Sequential timesteps of images from sim and real collected robot trajectories along with the natural language command describing the task.

As robots that follow natural language become more capable and prevalent, we need a benchmark to holistically develop and evaluate their ability to solve long-horizon mobile manipulation tasks in large, diverse environments. Robots must use visual and language understanding, navigation, and manipulation capabilities to tackle this challenge. Existing datasets do not integrate all these aspects, restricting their efficacy as benchmarks. To address this gap, we present the Language, Navigation, Manipulation, Perception (LaNMP) dataset and demonstrate the benefits of integrating these four capabilities and various modalities. LaNMP comprises 574 trajectories across eight simulated and real-world environments for long-horizon room-to-room pick-and-place tasks specified by natural language. Every trajectory consists of over 20 attributes, including RGB-D images, segmentations, and the poses of the robot body, end-effector, and grasped objects. We fine-tuned and tested two models in simulation and on a physical robot to demonstrate its efficacy in development and evaluation. The models perform suboptimally compared to humans across various metrics, indicating significant room for developing better multimodal mobile manipulation models using our benchmark.

Dataset Format

More detailed dataset information can be found in the dataset card DataCard.md.

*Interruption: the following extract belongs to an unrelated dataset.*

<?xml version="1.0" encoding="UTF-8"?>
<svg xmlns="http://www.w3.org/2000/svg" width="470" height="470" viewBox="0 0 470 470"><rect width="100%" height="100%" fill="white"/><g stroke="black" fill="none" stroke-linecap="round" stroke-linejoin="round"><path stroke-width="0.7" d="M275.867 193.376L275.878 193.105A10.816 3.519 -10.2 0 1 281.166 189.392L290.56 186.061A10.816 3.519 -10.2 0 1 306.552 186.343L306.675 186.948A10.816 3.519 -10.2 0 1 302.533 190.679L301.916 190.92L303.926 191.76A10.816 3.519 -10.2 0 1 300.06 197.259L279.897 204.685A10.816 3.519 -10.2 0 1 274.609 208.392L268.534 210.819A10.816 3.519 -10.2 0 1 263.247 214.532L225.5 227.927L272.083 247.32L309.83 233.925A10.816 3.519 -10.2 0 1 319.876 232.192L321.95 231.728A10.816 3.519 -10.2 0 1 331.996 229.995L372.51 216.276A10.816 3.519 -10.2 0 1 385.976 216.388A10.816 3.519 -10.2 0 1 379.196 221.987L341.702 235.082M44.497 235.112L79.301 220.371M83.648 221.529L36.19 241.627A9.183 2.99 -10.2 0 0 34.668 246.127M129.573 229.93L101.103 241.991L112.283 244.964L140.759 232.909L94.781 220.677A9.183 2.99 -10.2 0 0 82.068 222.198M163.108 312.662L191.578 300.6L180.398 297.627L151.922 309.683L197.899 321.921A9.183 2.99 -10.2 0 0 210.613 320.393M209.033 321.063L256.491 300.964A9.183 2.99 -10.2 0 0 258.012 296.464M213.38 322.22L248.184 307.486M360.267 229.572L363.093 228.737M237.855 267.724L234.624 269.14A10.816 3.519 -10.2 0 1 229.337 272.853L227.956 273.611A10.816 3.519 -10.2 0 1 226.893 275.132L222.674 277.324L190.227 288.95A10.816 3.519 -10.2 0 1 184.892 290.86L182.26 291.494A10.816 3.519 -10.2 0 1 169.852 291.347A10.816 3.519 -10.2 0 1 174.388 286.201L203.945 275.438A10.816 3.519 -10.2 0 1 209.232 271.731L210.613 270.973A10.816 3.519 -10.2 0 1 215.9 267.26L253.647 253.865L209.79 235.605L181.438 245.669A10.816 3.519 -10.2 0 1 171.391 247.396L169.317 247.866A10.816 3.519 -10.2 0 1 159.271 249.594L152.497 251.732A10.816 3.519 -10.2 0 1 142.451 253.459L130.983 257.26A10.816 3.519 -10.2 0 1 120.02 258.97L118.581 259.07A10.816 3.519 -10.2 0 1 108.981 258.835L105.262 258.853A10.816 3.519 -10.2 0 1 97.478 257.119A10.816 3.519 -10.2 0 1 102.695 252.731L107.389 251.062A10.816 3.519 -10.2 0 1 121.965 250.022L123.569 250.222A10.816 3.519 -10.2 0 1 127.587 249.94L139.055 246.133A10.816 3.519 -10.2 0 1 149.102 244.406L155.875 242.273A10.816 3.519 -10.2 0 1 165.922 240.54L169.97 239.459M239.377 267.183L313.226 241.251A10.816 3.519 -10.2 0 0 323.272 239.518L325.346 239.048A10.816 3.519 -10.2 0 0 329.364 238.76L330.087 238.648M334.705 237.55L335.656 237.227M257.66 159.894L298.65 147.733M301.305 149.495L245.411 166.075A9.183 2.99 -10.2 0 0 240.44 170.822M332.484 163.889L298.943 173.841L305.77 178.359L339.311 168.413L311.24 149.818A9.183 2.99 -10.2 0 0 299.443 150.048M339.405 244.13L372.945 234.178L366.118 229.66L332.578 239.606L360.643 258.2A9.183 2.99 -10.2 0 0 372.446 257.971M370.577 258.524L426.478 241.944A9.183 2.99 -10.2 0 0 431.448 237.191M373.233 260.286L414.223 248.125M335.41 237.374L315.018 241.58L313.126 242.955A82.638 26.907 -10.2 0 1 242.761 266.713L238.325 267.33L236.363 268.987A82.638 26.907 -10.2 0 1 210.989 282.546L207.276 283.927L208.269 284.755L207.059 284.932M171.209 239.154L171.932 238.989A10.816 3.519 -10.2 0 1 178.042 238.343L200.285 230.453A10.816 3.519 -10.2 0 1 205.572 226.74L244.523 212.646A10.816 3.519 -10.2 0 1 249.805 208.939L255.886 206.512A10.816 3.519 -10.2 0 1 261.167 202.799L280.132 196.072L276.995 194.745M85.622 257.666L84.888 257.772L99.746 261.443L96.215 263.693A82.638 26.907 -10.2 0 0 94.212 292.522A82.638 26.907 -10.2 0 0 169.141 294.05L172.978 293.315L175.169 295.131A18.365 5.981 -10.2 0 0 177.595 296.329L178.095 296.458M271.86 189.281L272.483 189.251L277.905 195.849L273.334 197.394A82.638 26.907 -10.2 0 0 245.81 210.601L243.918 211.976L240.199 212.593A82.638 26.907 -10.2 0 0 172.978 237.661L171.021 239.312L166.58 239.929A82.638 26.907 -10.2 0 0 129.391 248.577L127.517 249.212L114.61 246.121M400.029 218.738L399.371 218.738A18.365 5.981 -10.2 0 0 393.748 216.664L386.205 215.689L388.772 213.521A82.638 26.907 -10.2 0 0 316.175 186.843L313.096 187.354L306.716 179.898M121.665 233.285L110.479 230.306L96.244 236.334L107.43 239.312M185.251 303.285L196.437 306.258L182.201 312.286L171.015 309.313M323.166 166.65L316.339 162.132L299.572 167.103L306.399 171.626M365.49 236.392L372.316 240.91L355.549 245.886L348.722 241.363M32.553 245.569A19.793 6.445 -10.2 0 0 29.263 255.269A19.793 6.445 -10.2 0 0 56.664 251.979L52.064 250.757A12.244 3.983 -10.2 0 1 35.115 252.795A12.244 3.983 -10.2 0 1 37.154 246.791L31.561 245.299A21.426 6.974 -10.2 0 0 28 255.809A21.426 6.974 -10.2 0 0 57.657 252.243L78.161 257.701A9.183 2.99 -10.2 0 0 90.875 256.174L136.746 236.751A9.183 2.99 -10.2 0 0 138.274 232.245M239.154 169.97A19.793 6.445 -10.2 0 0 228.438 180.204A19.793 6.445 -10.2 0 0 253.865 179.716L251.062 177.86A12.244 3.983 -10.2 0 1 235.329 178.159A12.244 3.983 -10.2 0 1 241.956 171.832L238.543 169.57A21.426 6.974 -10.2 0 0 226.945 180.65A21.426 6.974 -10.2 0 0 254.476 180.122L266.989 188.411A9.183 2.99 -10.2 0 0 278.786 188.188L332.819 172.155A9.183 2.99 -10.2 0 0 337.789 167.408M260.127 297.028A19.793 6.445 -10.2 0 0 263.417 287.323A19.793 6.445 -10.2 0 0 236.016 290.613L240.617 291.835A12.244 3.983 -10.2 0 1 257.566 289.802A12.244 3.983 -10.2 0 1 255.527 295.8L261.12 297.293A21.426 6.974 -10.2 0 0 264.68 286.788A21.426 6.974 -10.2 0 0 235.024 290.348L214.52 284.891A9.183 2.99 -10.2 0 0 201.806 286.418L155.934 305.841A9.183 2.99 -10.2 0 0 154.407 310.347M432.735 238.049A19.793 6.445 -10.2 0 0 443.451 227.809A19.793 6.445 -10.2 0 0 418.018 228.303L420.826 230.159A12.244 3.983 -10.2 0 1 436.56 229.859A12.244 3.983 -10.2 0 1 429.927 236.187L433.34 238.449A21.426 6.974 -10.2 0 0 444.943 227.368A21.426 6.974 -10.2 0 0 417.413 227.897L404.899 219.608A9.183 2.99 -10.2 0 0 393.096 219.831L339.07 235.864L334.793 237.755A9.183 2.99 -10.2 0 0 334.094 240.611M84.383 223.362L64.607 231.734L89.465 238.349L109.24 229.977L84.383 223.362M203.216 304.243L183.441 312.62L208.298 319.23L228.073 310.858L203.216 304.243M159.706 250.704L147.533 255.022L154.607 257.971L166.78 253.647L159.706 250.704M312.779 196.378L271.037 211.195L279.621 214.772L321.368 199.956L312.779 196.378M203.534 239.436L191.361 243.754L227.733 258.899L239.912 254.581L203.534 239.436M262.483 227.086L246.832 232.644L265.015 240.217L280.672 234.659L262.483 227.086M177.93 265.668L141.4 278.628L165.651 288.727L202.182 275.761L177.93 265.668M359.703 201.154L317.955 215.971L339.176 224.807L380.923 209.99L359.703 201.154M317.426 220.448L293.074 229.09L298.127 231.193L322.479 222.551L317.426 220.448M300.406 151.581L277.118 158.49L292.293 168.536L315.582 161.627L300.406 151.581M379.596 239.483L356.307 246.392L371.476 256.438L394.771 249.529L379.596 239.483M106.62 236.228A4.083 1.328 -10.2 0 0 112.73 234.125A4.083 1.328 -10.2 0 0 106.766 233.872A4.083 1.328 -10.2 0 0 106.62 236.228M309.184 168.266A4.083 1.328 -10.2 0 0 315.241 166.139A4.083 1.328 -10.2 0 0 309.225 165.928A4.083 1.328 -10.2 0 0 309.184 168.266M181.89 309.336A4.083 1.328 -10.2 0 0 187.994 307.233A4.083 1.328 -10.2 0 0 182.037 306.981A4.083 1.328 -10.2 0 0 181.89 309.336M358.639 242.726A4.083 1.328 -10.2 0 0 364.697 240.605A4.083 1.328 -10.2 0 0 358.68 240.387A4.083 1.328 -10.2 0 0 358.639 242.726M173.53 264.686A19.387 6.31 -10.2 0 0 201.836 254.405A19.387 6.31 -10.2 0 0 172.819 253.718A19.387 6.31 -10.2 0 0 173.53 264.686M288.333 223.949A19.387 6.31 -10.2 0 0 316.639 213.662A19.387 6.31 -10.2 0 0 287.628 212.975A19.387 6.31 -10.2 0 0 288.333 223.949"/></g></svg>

Download the dataset from this DropBox.

Code that opens, reads, and displays the dataset contents can be found in this Google Colab notebook.

Sim Dataset

The simulation dataset comes in a single hdf5 file, and has the following hierarchy:

sim_dataset.hdf5/
├── data_11:11:28/
│   ├── folder_0
│   ├── folder_1
│   └── folder_2
├── data_11:14:08/
│   ├── folder_0
│   └── ...
└── ...

Under each folder, there are three main numpy files: depth_<num>, inst_seg_<num>, and rgb_<num>, which correspond to the depth image, segmentation image, and rgb image, respectively.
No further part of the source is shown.